Back to Kindergarten

Age: First Grade

Learning Progression:

Kindergarten Counting & Cardinality

Several learning progressions originate in knowing number names and the count sequence. One of the first major concepts in a student’s mathematical development is cardinality.


Cardinality can be explained as knowing that the number word spoken tells the quantity and that the number on which a person ends when counting represents the entire amount counted.


For example, if a child is counting to make sure there are enough chairs at the table for dinner, they may or may not say the correct number of chairs. Even though the child knows the count sequence, the idea of a number meaning that many objects may not have been learned yet. The idea is that numbers mean amount, and no matter how you arrange and rearrange the items, the amount is the same. Students can generally say the counting words up to a given number before they can use these numbers to count objects or to tell the number of objects.

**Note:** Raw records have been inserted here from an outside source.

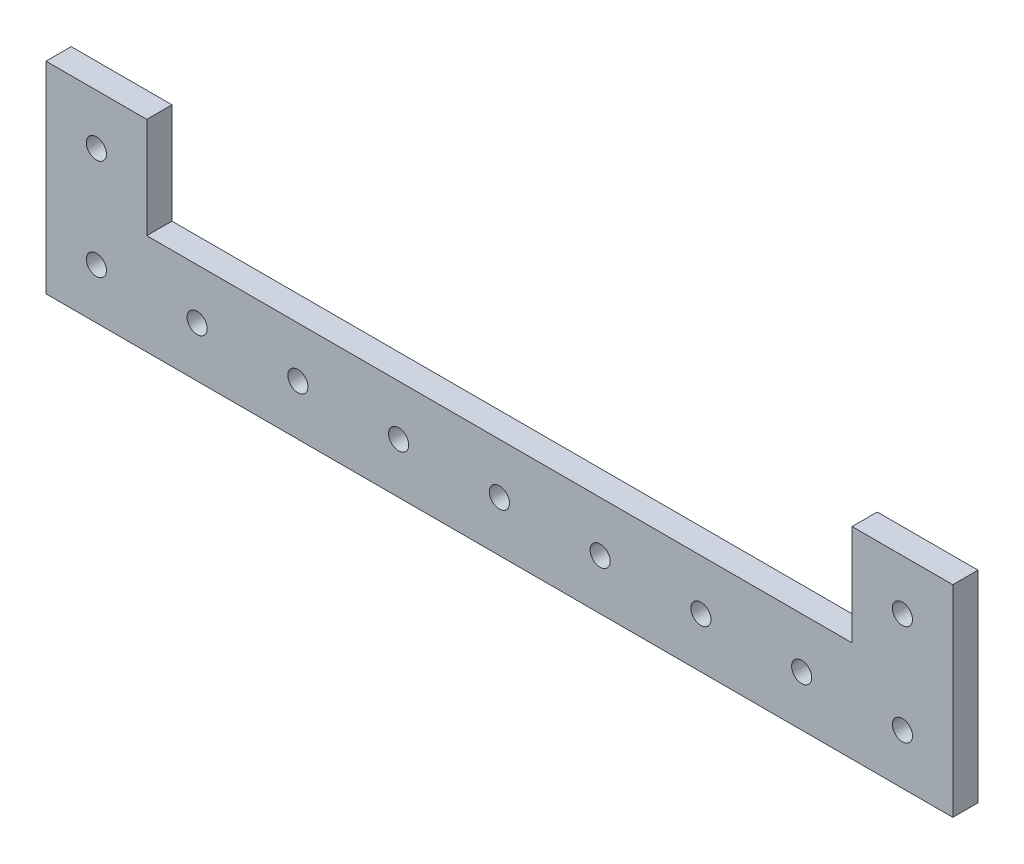
ISO-10303-21;
HEADER;
FILE_DESCRIPTION(('STEP AP214'),'2;1');
FILE_NAME('part.step','',(''),(''),'','','');
FILE_SCHEMA(('AUTOMOTIVE_DESIGN { 1 0 10303 214 1 1 1 1 }'));
ENDSEC;
DATA;
#1=APPLICATION_CONTEXT('core data for automotive mechanical design processes');
#2=APPLICATION_PROTOCOL_DEFINITION('international standard','automotive_design',2000,#1);
#3=PRODUCT_CONTEXT('',#1,'mechanical');
#4=PRODUCT('Part','Part','',(#3));
#5=PRODUCT_RELATED_PRODUCT_CATEGORY('part','',(#4));
#6=PRODUCT_DEFINITION_FORMATION('','',#4);
#7=PRODUCT_DEFINITION_CONTEXT('part definition',#1,'design');
#8=PRODUCT_DEFINITION('design','',#6,#7);
#9=PRODUCT_DEFINITION_SHAPE('','',#8);
#10=(LENGTH_UNIT() NAMED_UNIT(*) SI_UNIT(.MILLI.,.METRE.));
#11=(NAMED_UNIT(*) PLANE_ANGLE_UNIT() SI_UNIT($,.RADIAN.));
#12=(NAMED_UNIT(*) SI_UNIT($,.STERADIAN.) SOLID_ANGLE_UNIT());
#13=UNCERTAINTY_MEASURE_WITH_UNIT(LENGTH_MEASURE(1.E-05),#10,'distance_accuracy_value','');
#14=(GEOMETRIC_REPRESENTATION_CONTEXT(3) GLOBAL_UNCERTAINTY_ASSIGNED_CONTEXT((#13)) GLOBAL_UNIT_ASSIGNED_CONTEXT((#10,
#11,#12)) REPRESENTATION_CONTEXT('',''));
#15=CARTESIAN_POINT('',(0.,0.,0.));
#16=DIRECTION('',(0.,0.,1.));
#17=DIRECTION('',(1.,0.,0.));
#18=AXIS2_PLACEMENT_3D('',#15,#16,#17);
#19=CARTESIAN_POINT('',(228.6,0.,6.35));
#20=DIRECTION('',(0.,1.,0.));
#21=DIRECTION('',(-1.,0.,0.));
#22=AXIS2_PLACEMENT_3D('',#19,#20,#21);
#23=PLANE('',#22);
#24=DIRECTION('',(1.,0.,0.));
#25=VECTOR('',#24,1.);
#26=CARTESIAN_POINT('',(228.6,0.,0.));
#27=LINE('',#26,#25);
#28=CARTESIAN_POINT('',(0.,0.,0.));
#29=VERTEX_POINT('',#28);
#30=CARTESIAN_POINT('',(228.6,0.,0.));
#31=VERTEX_POINT('',#30);
#32=EDGE_CURVE('E140',#29,#31,#27,.T.);
#33=ORIENTED_EDGE('',*,*,#32,.T.);
#34=DIRECTION('',(0.,0.,-1.));
#35=VECTOR('',#34,1.);
#36=CARTESIAN_POINT('',(228.6,0.,6.35));
#37=LINE('',#36,#35);
#38=CARTESIAN_POINT('',(228.6,0.,6.35));
#39=VERTEX_POINT('',#38);
#40=EDGE_CURVE('E11',#39,#31,#37,.T.);
#41=ORIENTED_EDGE('',*,*,#40,.F.);
#42=DIRECTION('',(1.,0.,0.));
#43=VECTOR('',#42,1.);
#44=CARTESIAN_POINT('',(228.6,0.,6.35));
#45=LINE('',#44,#43);
#46=CARTESIAN_POINT('',(0.,0.,6.35));
#47=VERTEX_POINT('',#46);
#48=EDGE_CURVE('E163',#47,#39,#45,.T.);
#49=ORIENTED_EDGE('',*,*,#48,.F.);
#50=DIRECTION('',(0.,0.,-1.));
#51=VECTOR('',#50,1.);
#52=CARTESIAN_POINT('',(0.,0.,6.35));
#53=LINE('',#52,#51);
#54=EDGE_CURVE('E136',#47,#29,#53,.T.);
#55=ORIENTED_EDGE('',*,*,#54,.T.);
#56=EDGE_LOOP('',(#33,#41,#49,#55));
#57=FACE_BOUND('',#56,.T.);
#58=ADVANCED_FACE('F39',(#57),#23,.F.);
#59=CARTESIAN_POINT('',(228.6,50.8,6.35));
#60=DIRECTION('',(-1.,0.,0.));
#61=DIRECTION('',(0.,0.,1.));
#62=AXIS2_PLACEMENT_3D('',#59,#60,#61);
#63=PLANE('',#62);
#64=DIRECTION('',(0.,1.,0.));
#65=VECTOR('',#64,1.);
#66=CARTESIAN_POINT('',(228.6,50.8,0.));
#67=LINE('',#66,#65);
#68=CARTESIAN_POINT('',(228.6,50.8,0.));
#69=VERTEX_POINT('',#68);
#70=EDGE_CURVE('E144',#31,#69,#67,.T.);
#71=ORIENTED_EDGE('',*,*,#70,.T.);
#72=DIRECTION('',(0.,0.,-1.));
#73=VECTOR('',#72,1.);
#74=CARTESIAN_POINT('',(228.6,50.8,6.35));
#75=LINE('',#74,#73);
#76=CARTESIAN_POINT('',(228.6,50.8,6.35));
#77=VERTEX_POINT('',#76);
#78=EDGE_CURVE('E48',#77,#69,#75,.T.);
#79=ORIENTED_EDGE('',*,*,#78,.F.);
#80=DIRECTION('',(0.,1.,0.));
#81=VECTOR('',#80,1.);
#82=CARTESIAN_POINT('',(228.6,50.8,6.35));
#83=LINE('',#82,#81);
#84=EDGE_CURVE('E99',#39,#77,#83,.T.);
#85=ORIENTED_EDGE('',*,*,#84,.F.);
#86=ORIENTED_EDGE('',*,*,#40,.T.);
#87=EDGE_LOOP('',(#71,#79,#85,#86));
#88=FACE_BOUND('',#87,.T.);
#89=ADVANCED_FACE('F323',(#88),#63,.F.);
#90=CARTESIAN_POINT('',(203.2,50.8,6.35));
#91=DIRECTION('',(0.,-1.,0.));
#92=DIRECTION('',(0.,0.,-1.));
#93=AXIS2_PLACEMENT_3D('',#90,#91,#92);
#94=PLANE('',#93);
#95=DIRECTION('',(-1.,0.,0.));
#96=VECTOR('',#95,1.);
#97=CARTESIAN_POINT('',(203.2,50.8,0.));
#98=LINE('',#97,#96);
#99=CARTESIAN_POINT('',(203.2,50.8,0.));
#100=VERTEX_POINT('',#99);
#101=EDGE_CURVE('E148',#69,#100,#98,.T.);
#102=ORIENTED_EDGE('',*,*,#101,.T.);
#103=DIRECTION('',(0.,0.,-1.));
#104=VECTOR('',#103,1.);
#105=CARTESIAN_POINT('',(203.2,50.8,6.35));
#106=LINE('',#105,#104);
#107=CARTESIAN_POINT('',(203.2,50.8,6.35));
#108=VERTEX_POINT('',#107);
#109=EDGE_CURVE('E174',#108,#100,#106,.T.);
#110=ORIENTED_EDGE('',*,*,#109,.F.);
#111=DIRECTION('',(-1.,0.,0.));
#112=VECTOR('',#111,1.);
#113=CARTESIAN_POINT('',(203.2,50.8,6.35));
#114=LINE('',#113,#112);
#115=EDGE_CURVE('E184',#77,#108,#114,.T.);
#116=ORIENTED_EDGE('',*,*,#115,.F.);
#117=ORIENTED_EDGE('',*,*,#78,.T.);
#118=EDGE_LOOP('',(#102,#110,#116,#117));
#119=FACE_BOUND('',#118,.T.);
#120=ADVANCED_FACE('F182',(#119),#94,.F.);
#121=CARTESIAN_POINT('',(203.2,25.4,6.35));
#122=DIRECTION('',(1.,0.,0.));
#123=DIRECTION('',(0.,0.,-1.));
#124=AXIS2_PLACEMENT_3D('',#121,#122,#123);
#125=PLANE('',#124);
#126=DIRECTION('',(0.,-1.,0.));
#127=VECTOR('',#126,1.);
#128=CARTESIAN_POINT('',(203.2,25.4,0.));
#129=LINE('',#128,#127);
#130=CARTESIAN_POINT('',(203.2,25.4,0.));
#131=VERTEX_POINT('',#130);
#132=EDGE_CURVE('E151',#100,#131,#129,.T.);
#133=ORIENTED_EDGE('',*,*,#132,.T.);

Students compare the number of objects in one group (with up to 10 objects) to the number of objects in another group. Students need a strong sense of the relationship between quantities and numerals to accurately compare groups and answer related questions. They may use matching strategies or counting strategies to determine whether one group is greater than, less than, or equal to the number of objects in another group.

What it looks like:


Jorge lined up his cars and his brother’s cars to see who had more. Both brothers could see that Jorge had more cars than his brother.

Here are some examples of children demonstrating an understanding of counting and cardinality.


  • Play hide-and-seek, counting to 20 before looking

  • Ask child to count as high as she can

  • Children say how old they were, are, and will be

  • Painting numbers

  • Playing puzzles that match numbers with sets of objects

  • Children correctly use the word “zero”

  • Lining up toys and counting them

  • Asking a child to count the number of people in a small group

  • Passing out items, one to each member of the group (e.g. passing out 6 stickers to a group of 6 people)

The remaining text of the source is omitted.